Le locataire bénéficie d’un droit de priorité pour acheter le bien. Le congé pour vente vaut offre de vente : il dispose de deux mois pour accepter et de deux à quatre mois supplémentaires pour finaliser l’achat. S’il refuse, il doit quitter le logement à la fin du bail. S’il n’y a pas de congé (vente occupée), son bail se poursuit avec le nouveau propriétaire.
Comment éviter le droit de préemption du locataire ?
Le moyen le plus courant est de vendre le bien occupé sans délivrer de congé pour vente. Le bail continue avec le nouvel acquéreur. Il est aussi possible de céder les parts d’une SCI plutôt que le bien lui-même. Vendre à un membre de la famille du propriétaire (qui s’engage à occuper deux ans) exclut également le droit de préemption.
Quelles sont les exceptions au droit de préemption du locataire ?
Le droit de préemption ne s’applique pas aux locations meublées, saisonnières et de courte durée. Il est exclu en cas de vente à un parent du propriétaire (ascendant, descendant, conjoint) et pour les immeubles frappés d’un arrêté de péril ou d’insalubrité. Le droit de préemption urbain de la commune prime sur celui du locataire.
Le locataire peut-il exercer son droit de préemption pour acheter via une SCI ?
Non. Le droit de préemption est un droit personnel attaché au locataire en tant que personne physique. Vous ne pouvez pas vous substituer une société (SCI ou autre) pour réaliser l’achat. L’acquisition doit être faite en votre nom propre ou conjointement avec votre conjoint, partenaire de PACS ou concubin notoire.
Quel est le délai pour répondre à un congé pour vente ?
Vous disposez de deux mois à compter de la réception du congé pour accepter l’offre. Au-delà de ce délai, votre silence est assimilé à un refus. Répondez par courrier recommandé avec accusé de réception pour conserver une preuve.
Le droit de préemption s’applique-t-il aux locations meublées ?

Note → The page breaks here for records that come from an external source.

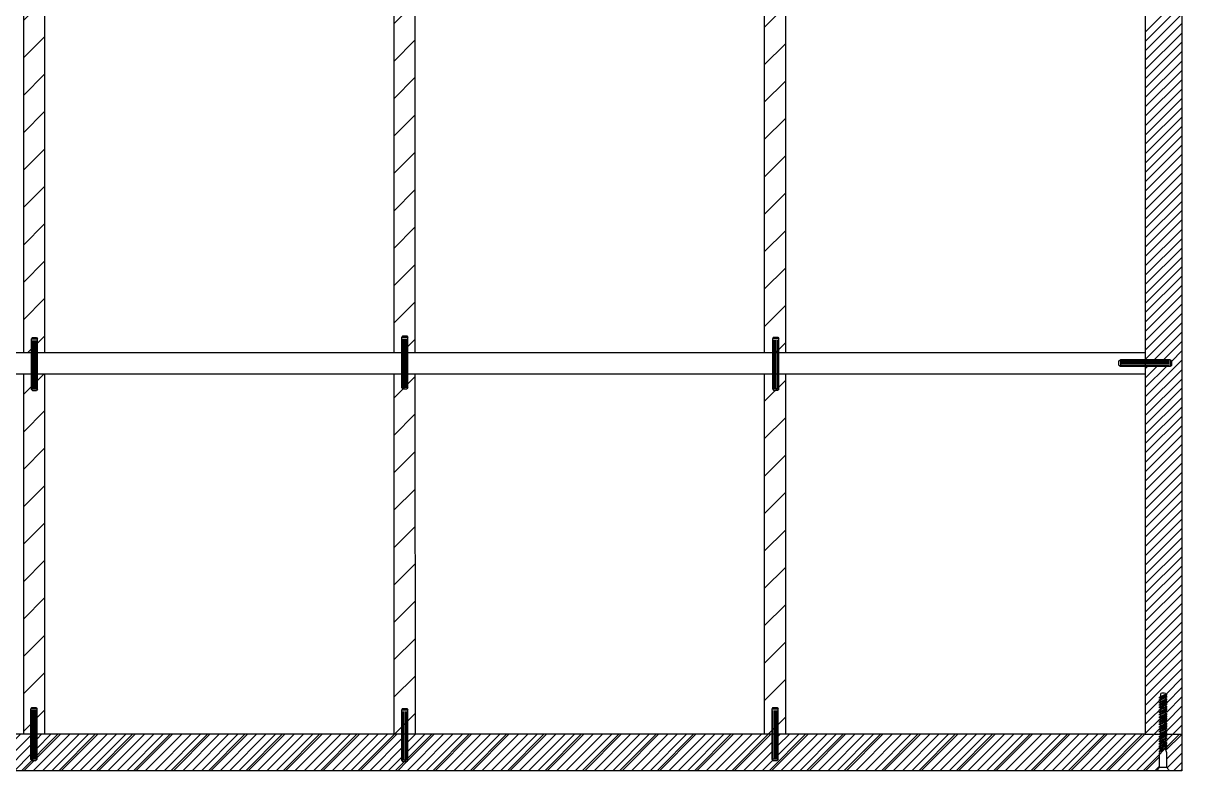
# Model space of a CAD drawing. Header units: inches. Extents: x 17 to 1541, y -140 to 953.
# Drawn here: x 1339.5 to 1449.1, y 776.5 to 847.2 of the extents above; entities that cross this region are included whole.
import ezdxf

# ---------------------------------------------------------------- set-up
doc = ezdxf.new("R2010")
doc.units = ezdxf.units.IN
doc.header["$MEASUREMENT"] = 0
doc.layers.add('Linea di sezione', color=151, linetype='Continuous')
pattern_1 = [(45, (864.1837, 82.1774), (-1.767767, 1.767767), [])]

msp = doc.modelspace()

# ---------------------------------------------------------------- hatches: boundary and pattern name
at = {"layer": 'Linea di sezione'}
h = msp.add_hatch(dxfattribs=at)
h.set_pattern_fill('ANSI31', color=256, scale=20)
h.set_pattern_definition(pattern_1)
h.paths.add_polyline_path([(1341.54, 849.06), (1339.54, 849.06), (1339.54, 816.03), (1341.54, 816.03)])
h = msp.add_hatch(dxfattribs=at)
h.set_pattern_fill('ANSI31', color=256, scale=20)
h.set_pattern_definition(pattern_1)
h.paths.add_polyline_path([(1376.57, 849.06), (1374.57, 849.06), (1374.57, 816.03), (1376.57, 816.03)])
h = msp.add_hatch(dxfattribs=at)
h.set_pattern_fill('ANSI31', color=256, scale=20)
h.set_pattern_definition(pattern_1)
h.paths.add_polyline_path([(1411.6, 849.06), (1409.6, 849.06), (1409.6, 816.03), (1411.6, 816.03)])
h = msp.add_hatch(dxfattribs=at)
h.set_pattern_fill('ANSI31', color=256, scale=20)
h.set_pattern_definition(pattern_1)
h.paths.add_polyline_path([(1341.54, 814.03), (1339.54, 814.03), (1339.54, 780), (1341.54, 780)])
h = msp.add_hatch(dxfattribs=at)
h.set_pattern_fill('ANSI31', color=256, scale=20)
h.set_pattern_definition(pattern_1)
h.paths.add_polyline_path([(1376.57, 814.03), (1374.57, 814.03), (1374.58, 780), (1376.58, 780)])
h = msp.add_hatch(dxfattribs=at)
h.set_pattern_fill('ANSI31', color=256, scale=20)
h.set_pattern_definition(pattern_1)
h.paths.add_polyline_path([(1411.6, 814.03), (1409.6, 814.03), (1409.6, 780), (1411.6, 780)])
h = msp.add_hatch(dxfattribs=at)
h.set_pattern_fill('ANSI31', color=256, scale=20)
h.set_pattern_definition(pattern_1)
h.paths.add_polyline_path([(1449.08, 780), (1445.63, 780), (1305.52, 780), (1302.08, 780), (1302.08, 776.55), (1449.08, 776.55)])

# ---------------------------------------------------------------- linework, layer by layer
at = {"color": 7}
for p, q in [((1449.08, 923.55), (1449.08, 776.55)), ((1449.08, 923.55), (1449.08, 776.55)), ((1445.63, 849.63), (1445.63, 780)), ((1339.54, 849.06), (1339.54, 816.03)), ((1341.54, 849.06), (1341.54, 816.03)), ((1374.57, 849.06), (1374.57, 816.03)), ((1376.57, 849.06), (1376.57, 816.03)), ((1409.6, 849.06), (1409.6, 816.03)), ((1411.6, 849.06), (1411.6, 816.03)), ((1445.63, 816.03), (1305.52, 816.03)), ((1445.63, 814.03), (1305.52, 814.03)), ((1339.54, 814.03), (1339.54, 780)), ((1341.54, 814.03), (1341.54, 780)), ((1374.57, 814.03), (1374.58, 780)), ((1376.57, 814.03), (1376.58, 780)), ((1409.6, 814.03), (1409.6, 780)), ((1411.6, 814.03), (1411.6, 780)), ((1445.63, 780), (1305.52, 780)), ((1445.63, 780), (1449.08, 780)), ((1449.08, 776.55), (1302.08, 776.55))]:
    msp.add_line(p, q, dxfattribs=at)
at = {"color": 40, "linetype": 'Continuous'}
for p, q in [((1445.63, 846.35), (1449.08, 849.81)), ((1445.63, 845.47), (1449.08, 848.93)), ((1445.63, 844.59), (1449.08, 848.04)), ((1445.63, 843.7), (1449.08, 847.16)), ((1445.63, 842.82), (1449.08, 846.27)), ((1445.63, 841.93), (1449.08, 845.39)), ((1445.63, 841.05), (1449.08, 844.51)), ((1445.63, 840.17), (1449.08, 843.62)), ((1445.63, 839.28), (1449.08, 842.74)), ((1445.63, 838.4), (1449.08, 841.86)), ((1445.63, 837.51), (1449.08, 840.97)), ((1445.63, 836.63), (1449.08, 840.09)), ((1445.63, 835.75), (1449.08, 839.2)), ((1445.63, 834.86), (1449.08, 838.32)), ((1445.63, 833.98), (1449.08, 837.44)), ((1445.63, 833.1), (1449.08, 836.55)), ((1445.63, 832.21), (1449.08, 835.67)), ((1445.63, 831.33), (1449.08, 834.78)), ((1445.63, 830.44), (1449.08, 833.9)), ((1445.63, 829.56), (1449.08, 833.02)), ((1445.63, 828.68), (1449.08, 832.13)), ((1445.63, 827.79), (1449.08, 831.25)), ((1445.63, 826.91), (1449.08, 830.36)), ((1445.63, 826.02), (1449.08, 829.48)), ((1445.63, 825.14), (1449.08, 828.6)), ((1445.63, 824.26), (1449.08, 827.71)), ((1445.63, 823.37), (1449.08, 826.83)), ((1445.63, 822.49), (1449.08, 825.95)), ((1445.63, 821.6), (1449.08, 825.06)), ((1445.63, 820.72), (1449.08, 824.18)), ((1445.63, 819.84), (1449.08, 823.29)), ((1445.63, 818.95), (1449.08, 822.41)), ((1445.63, 818.07), (1449.08, 821.53)), ((1445.63, 817.19), (1449.08, 820.64)), ((1445.63, 816.3), (1449.08, 819.76)), ((1445.63, 815.42), (1449.08, 818.87)), ((1446.48, 815.39), (1449.08, 817.99)), ((1447.36, 815.39), (1449.08, 817.11)), ((1445.63, 811.88), (1449.08, 815.34)), ((1448.13, 815.27), (1449.08, 816.22)), ((1445.63, 814.53), (1445.88, 814.79)), ((1445.63, 813.65), (1446.76, 814.79)), ((1445.63, 812.77), (1447.65, 814.79)), ((1445.63, 811), (1449.08, 814.45)), ((1445.63, 810.11), (1449.08, 813.57)), ((1445.63, 809.23), (1449.08, 812.69)), ((1445.63, 808.35), (1449.08, 811.8)), ((1445.63, 807.46), (1449.08, 810.92)), ((1445.63, 806.58), (1449.08, 810.04)), ((1445.63, 805.69), (1449.08, 809.15)), ((1445.63, 804.81), (1449.08, 808.27)), ((1445.63, 803.93), (1449.08, 807.38)), ((1445.63, 803.04), (1449.08, 806.5)), ((1445.63, 802.16), (1449.08, 805.62)), ((1445.63, 801.28), (1449.08, 804.73)), ((1445.63, 800.39), (1449.08, 803.85)), ((1445.63, 799.51), (1449.08, 802.96)), ((1445.63, 798.62), (1449.08, 802.08)), ((1445.63, 797.74), (1449.08, 801.2)), ((1445.63, 796.86), (1449.08, 800.31)), ((1445.63, 795.97), (1449.08, 799.43)), ((1445.63, 795.09), (1449.08, 798.55)), ((1445.63, 794.2), (1449.08, 797.66)), ((1445.63, 793.32), (1449.08, 796.78)), ((1445.63, 792.44), (1449.08, 795.89)), ((1445.63, 791.55), (1449.08, 795.01)), ((1445.63, 790.67), (1449.08, 794.13)), ((1445.63, 789.78), (1449.08, 793.24)), ((1445.63, 788.9), (1449.08, 792.36)), ((1445.63, 788.02), (1449.08, 791.47)), ((1445.63, 787.13), (1449.08, 790.59)), ((1445.63, 786.25), (1449.08, 789.71)), ((1445.63, 785.37), (1449.08, 788.82)), ((1445.63, 784.48), (1449.08, 787.94)), ((1445.63, 783.6), (1449.08, 787.05)), ((1445.63, 782.71), (1449.08, 786.17)), ((1447.62, 783.83), (1449.08, 785.29)), ((1445.63, 781.83), (1447.57, 783.78)), ((1447.66, 782.98), (1449.08, 784.4)), ((1447.66, 782.09), (1449.08, 783.52)), ((1445.63, 780.95), (1447.66, 782.98)), ((1447.63, 781.18), (1449.08, 782.64)), ((1445.63, 780.06), (1447.03, 781.46)), ((1447.09, 781.52), (1447.53, 781.97)), ((1447.56, 780.23), (1449.08, 781.75)), ((1443, 776.55), (1447.53, 781.08)), ((1443.88, 776.55), (1447.53, 780.2)), ((1447.66, 779.44), (1449.08, 780.87)), ((1336.93, 776.55), (1340.23, 779.84)), ((1340.47, 776.55), (1343.92, 780)), ((1340.83, 779.56), (1341.27, 780)), ((1340.83, 778.68), (1342.15, 780)), ((1340.83, 777.79), (1343.04, 780)), ((1341.35, 776.55), (1344.81, 780)), ((1342.23, 776.55), (1345.69, 780)), ((1343.12, 776.55), (1346.57, 780)), ((1344, 776.55), (1347.46, 780)), ((1344.89, 776.55), (1348.34, 780)), ((1345.77, 776.55), (1349.23, 780)), ((1346.65, 776.55), (1350.11, 780)), ((1347.54, 776.55), (1350.99, 780)), ((1348.42, 776.55), (1351.88, 780)), ((1349.31, 776.55), (1352.76, 780)), ((1350.19, 776.55), (1353.65, 780)), ((1351.07, 776.55), (1354.53, 780)), ((1351.96, 776.55), (1355.41, 780)), ((1352.84, 776.55), (1356.3, 780)), ((1353.73, 776.55), (1357.18, 780)), ((1354.61, 776.55), (1358.06, 780)), ((1355.49, 776.55), (1358.95, 780)), ((1356.38, 776.55), (1359.83, 780)), ((1357.26, 776.55), (1360.72, 780)), ((1358.14, 776.55), (1361.6, 780)), ((1359.03, 776.55), (1362.48, 780)), ((1359.91, 776.55), (1363.37, 780)), ((1360.8, 776.55), (1364.25, 780)), ((1361.68, 776.55), (1365.14, 780)), ((1362.56, 776.55), (1366.02, 780)), ((1363.45, 776.55), (1366.9, 780)), ((1364.33, 776.55), (1367.79, 780)), ((1365.22, 776.55), (1368.67, 780)), ((1366.1, 776.55), (1369.55, 780)), ((1366.98, 776.55), (1370.44, 780)), ((1367.87, 776.55), (1371.32, 780)), ((1368.75, 776.55), (1372.21, 780)), ((1369.64, 776.55), (1373.09, 780)), ((1370.52, 776.55), (1373.97, 780)), ((1371.4, 776.55), (1374.86, 780)), ((1372.29, 776.55), (1375.3, 779.56)), ((1375.82, 776.55), (1379.28, 780)), ((1375.9, 779.28), (1376.63, 780)), ((1375.9, 778.4), (1377.51, 780)), ((1375.9, 777.51), (1378.39, 780)), ((1376.71, 776.55), (1380.16, 780)), ((1377.59, 776.55), (1381.05, 780)), ((1378.47, 776.55), (1381.93, 780)), ((1379.36, 776.55), (1382.81, 780)), ((1380.24, 776.55), (1383.7, 780)), ((1381.13, 776.55), (1384.58, 780)), ((1382.01, 776.55), (1385.46, 780)), ((1382.89, 776.55), (1386.35, 780)), ((1383.78, 776.55), (1387.23, 780)), ((1384.66, 776.55), (1388.12, 780)), ((1385.54, 776.55), (1389, 780)), ((1386.43, 776.55), (1389.88, 780)), ((1387.31, 776.55), (1390.77, 780)), ((1388.2, 776.55), (1391.65, 780)), ((1389.08, 776.55), (1392.54, 780)), ((1389.96, 776.55), (1393.42, 780)), ((1390.85, 776.55), (1394.3, 780)), ((1391.73, 776.55), (1395.19, 780)), ((1392.62, 776.55), (1396.07, 780)), ((1393.5, 776.55), (1396.96, 780)), ((1394.38, 776.55), (1397.84, 780)), ((1395.27, 776.55), (1398.72, 780)), ((1396.15, 776.55), (1399.61, 780)), ((1397.04, 776.55), (1400.49, 780)), ((1397.92, 776.55), (1401.37, 780)), ((1398.8, 776.55), (1402.26, 780)), ((1399.69, 776.55), (1403.14, 780)), ((1400.57, 776.55), (1404.03, 780)), ((1401.45, 776.55), (1404.91, 780)), ((1402.34, 776.55), (1405.79, 780)), ((1403.22, 776.55), (1406.68, 780)), ((1404.11, 776.55), (1407.56, 780)), ((1404.99, 776.55), (1408.45, 780)), ((1405.87, 776.55), (1409.33, 780)), ((1406.76, 776.55), (1410.21, 780)), ((1407.64, 776.55), (1410.32, 779.23)), ((1410.29, 776.55), (1413.75, 780)), ((1410.92, 779.83), (1411.1, 780)), ((1410.92, 778.95), (1411.98, 780)), ((1410.92, 778.06), (1412.87, 780)), ((1411.18, 776.55), (1414.63, 780)), ((1412.06, 776.55), (1415.52, 780)), ((1412.95, 776.55), (1416.4, 780)), ((1413.83, 776.55), (1417.28, 780)), ((1414.71, 776.55), (1418.17, 780)), ((1415.6, 776.55), (1419.05, 780)), ((1416.48, 776.55), (1419.94, 780)), ((1417.36, 776.55), (1420.82, 780)), ((1418.25, 776.55), (1421.7, 780)), ((1419.13, 776.55), (1422.59, 780)), ((1420.02, 776.55), (1423.47, 780)), ((1420.9, 776.55), (1424.36, 780)), ((1421.78, 776.55), (1425.24, 780)), ((1422.67, 776.55), (1426.12, 780)), ((1423.55, 776.55), (1427.01, 780)), ((1424.44, 776.55), (1427.89, 780)), ((1425.32, 776.55), (1428.78, 780)), ((1426.2, 776.55), (1429.66, 780)), ((1427.09, 776.55), (1430.54, 780)), ((1427.97, 776.55), (1431.43, 780)), ((1428.86, 776.55), (1432.31, 780)), ((1429.74, 776.55), (1433.19, 780)), ((1430.62, 776.55), (1434.08, 780)), ((1431.51, 776.55), (1434.96, 780)), ((1432.39, 776.55), (1435.85, 780)), ((1433.27, 776.55), (1436.73, 780)), ((1434.16, 776.55), (1437.61, 780)), ((1435.04, 776.55), (1438.5, 780)), ((1435.93, 776.55), (1439.38, 780)), ((1436.81, 776.55), (1440.27, 780)), ((1437.69, 776.55), (1441.15, 780)), ((1438.58, 776.55), (1442.03, 780)), ((1439.46, 776.55), (1442.92, 780)), ((1440.35, 776.55), (1443.8, 780)), ((1441.23, 776.55), (1444.69, 780)), ((1442.11, 776.55), (1445.57, 780)), ((1444.77, 776.55), (1447.66, 779.44)), ((1447.57, 778.48), (1449.08, 779.98)), ((1447.66, 777.67), (1449.08, 779.1)), ((1337.82, 776.55), (1340.23, 778.96)), ((1338.7, 776.55), (1340.23, 778.08)), ((1373.17, 776.55), (1375.3, 778.68)), ((1408.53, 776.55), (1410.32, 778.35)), ((1447.69, 776.82), (1449.08, 778.22)), ((1339.58, 776.55), (1340.55, 777.52)), ((1374.05, 776.55), (1375.3, 777.8)), ((1374.94, 776.55), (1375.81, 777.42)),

En l’état actuel du droit, les locations meublées ne sont pas couvertes par le droit de préemption prévu par la loi de 1989. La proposition de loi discutée au Sénat début 2026 prévoit d’étendre cette protection aux meublés en cas de congé pour vente. Cette évolution est à surveiller de près.
Peut-on négocier le prix proposé par le propriétaire ?
Vous pouvez formuler une contre-proposition. Celle-ci équivaut juridiquement à un refus de l’offre initiale. Le propriétaire n’est pas tenu de l’accepter. S’il vend ensuite à un prix inférieur ou à des conditions plus avantageuses, il devra vous renotifier une nouvelle offre.
Que faire si le congé pour vente ne mentionne pas le droit de préemption ?
Un congé pour vente qui ne reproduit pas les dispositions légales relatives au droit de préemption est nul. Vous pouvez contester sa validité devant le tribunal judiciaire. Le bail continue alors normalement jusqu’à son terme. Le propriétaire devra recommencer la procédure dans les formes requises.
Le droit de préemption du locataire prime-t-il sur celui de la commune ?
Non. Le droit de préemption urbain exercé par la commune est prioritaire sur celui du locataire. Si la mairie décide d’exercer son droit, le locataire ne peut pas s’y opposer. Il convient de se renseigner auprès de la mairie pour savoir si la zone est soumise au droit de préemption urbain avant d’engager toute démarche d’achat.